At the moment this is what I’ve come up with that matches both cases (3 split words vs random request):

'^(?P<host>\d{1,3}(?:\.\d{1,3}){3}) - (?P<user>[^ ]*) \[(?P<ts>[^\]]+)\] "(?:(?P<method>[A-Z]+) (?P<request_url>[^\s]+) (?P<request_http_protocol>[^\s"]+)|(?P<request_random>.*?))" (?P<status>\d{3}) (?P<bytes_out>\d+) "(?P<http_referer>[^"]*)" "(?P<user_agent>[^"]*)"(\s+"(?P<http_x_forwarded_for>[^"]*)")?

Of course this is transitory, it works, and it helps me to understand promtail/loki better in the meantime.

Maybe using ".+" (I think "[^"]*" might be more efficient, but I’m not 100% sure) for the request field in promtail might be better after all and when I need something more specific (http method, request, http version), I add the logic in loki? Would that make sense?

By all means if you are looking for status code and URI then you’d want to match for three words. What I meant was that if you are also looking to see the difference between logs with URI and without URI information then you can compare the difference between matching for empty string and non-empty string.

hello everyone.

i see you know how and where exactly to add the regex to break the nginx logs into fields to access them in loki query.
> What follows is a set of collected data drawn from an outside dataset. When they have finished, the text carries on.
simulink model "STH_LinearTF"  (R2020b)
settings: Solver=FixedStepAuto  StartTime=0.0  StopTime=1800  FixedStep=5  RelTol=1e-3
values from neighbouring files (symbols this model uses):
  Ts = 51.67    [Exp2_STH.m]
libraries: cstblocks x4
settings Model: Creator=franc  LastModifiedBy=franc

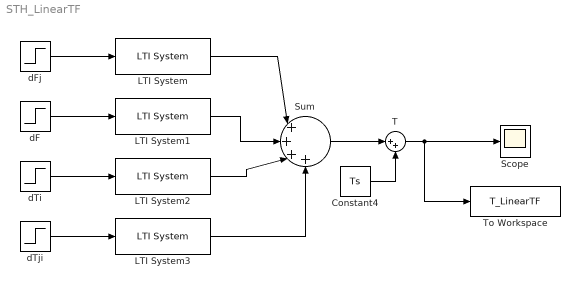
== system STH_LinearTF ==
  "            T" : Sum  Inputs=|++
  Constant4 : Constant  Value=Ts
  LTI System : cstblocks/LTI System  sys=G  IC=[]
  LTI System1 : cstblocks/LTI System  sys=Gd1  IC=[]
  LTI System2 : cstblocks/LTI System  sys=Gd2  IC=[]
  LTI System3 : cstblocks/LTI System  sys=Gd3  IC=[]
  Scope : Scope
  Sum : Sum  Inputs=|++++
  To Workspace : ToWorkspace  VariableName=T_LinearTF  SaveFormat=Timeseries  SampleTime=-1
  dF : Step  Time=0  After=0  SampleTime=0
  dFj : Step  Time=0  After=4.72e-5  SampleTime=0
  dTi : Step  Time=0  After=0  SampleTime=0
  dTji : Step  Time=0  After=0  SampleTime=0
  wires:
  dFj/1 -> LTI System/1
  dF/1 -> LTI System1/1
  dTi/1 -> LTI System2/1
  dTji/1 -> LTI System3/1
  LTI System1/1 -> Sum/2
  LTI System2/1 -> Sum/3
  LTI System/1 -> Sum/1
  LTI System3/1 -> Sum/4
  Sum/1 -> "            T"/1
  Constant4/1 -> "            T"/2
  "            T"/1 -> Scope/1, To Workspace/1

i have following logs in my nginx container: - - [16/Mar/2024:05:45:21 +0000] "GET /media/system/js/table-columns.min.js?8dc1188dfffb40a81af4102305fe0d623c977746 HTTP/2.0" 200 1303 "" "Mozilla/5.0 (Macintosh; Intel Mac OS X 10.15; rv:123.0) Gecko/20100101 Firefox/123.0" 136 0.008 [default-joomla-service-80] [] 1303 0.008 200 ea2a20422e04ce4d4fc7a74317c2f29d - - [16/Mar/2024:05:45:22 +0000] "GET /media/templates/administrator/atum/images/logos/brand-large.svg HTTP/2.0" 200 3344 "" "Mozilla/5.0 (Macintosh; Intel Mac OS X 10.15; rv:123.0) Gecko/20100101 Firefox/123.0" 90 0.003 [default-joomla-service-80] [] 3344 0.003 200 189c0ec93e058785cf98b5b9a5d68e24 - - [16/Mar/2024:05:45:22 +0000] "GET /media/templates/administrator/atum/images/select-bg.svg HTTP/2.0" 304 0 "" "Mozilla/5.0 (Macintosh; Intel Mac OS X 10.15; rv:123.0) Gecko/20100101 Firefox/123.0" 178 0.002 [default-joomla-service-80] [] 0 0.002 304 1585003c4761f39390f0d55f7af0154f

and want to extract all possible fields ( for now the primary fields needed are the response codes and response time).

my loki/promtail was deployed using helm on my kube cluster.

can someone please help me to let me know where exactly i need to add the regex to add fileds/lables into my loki so that i can query these and build dashboards?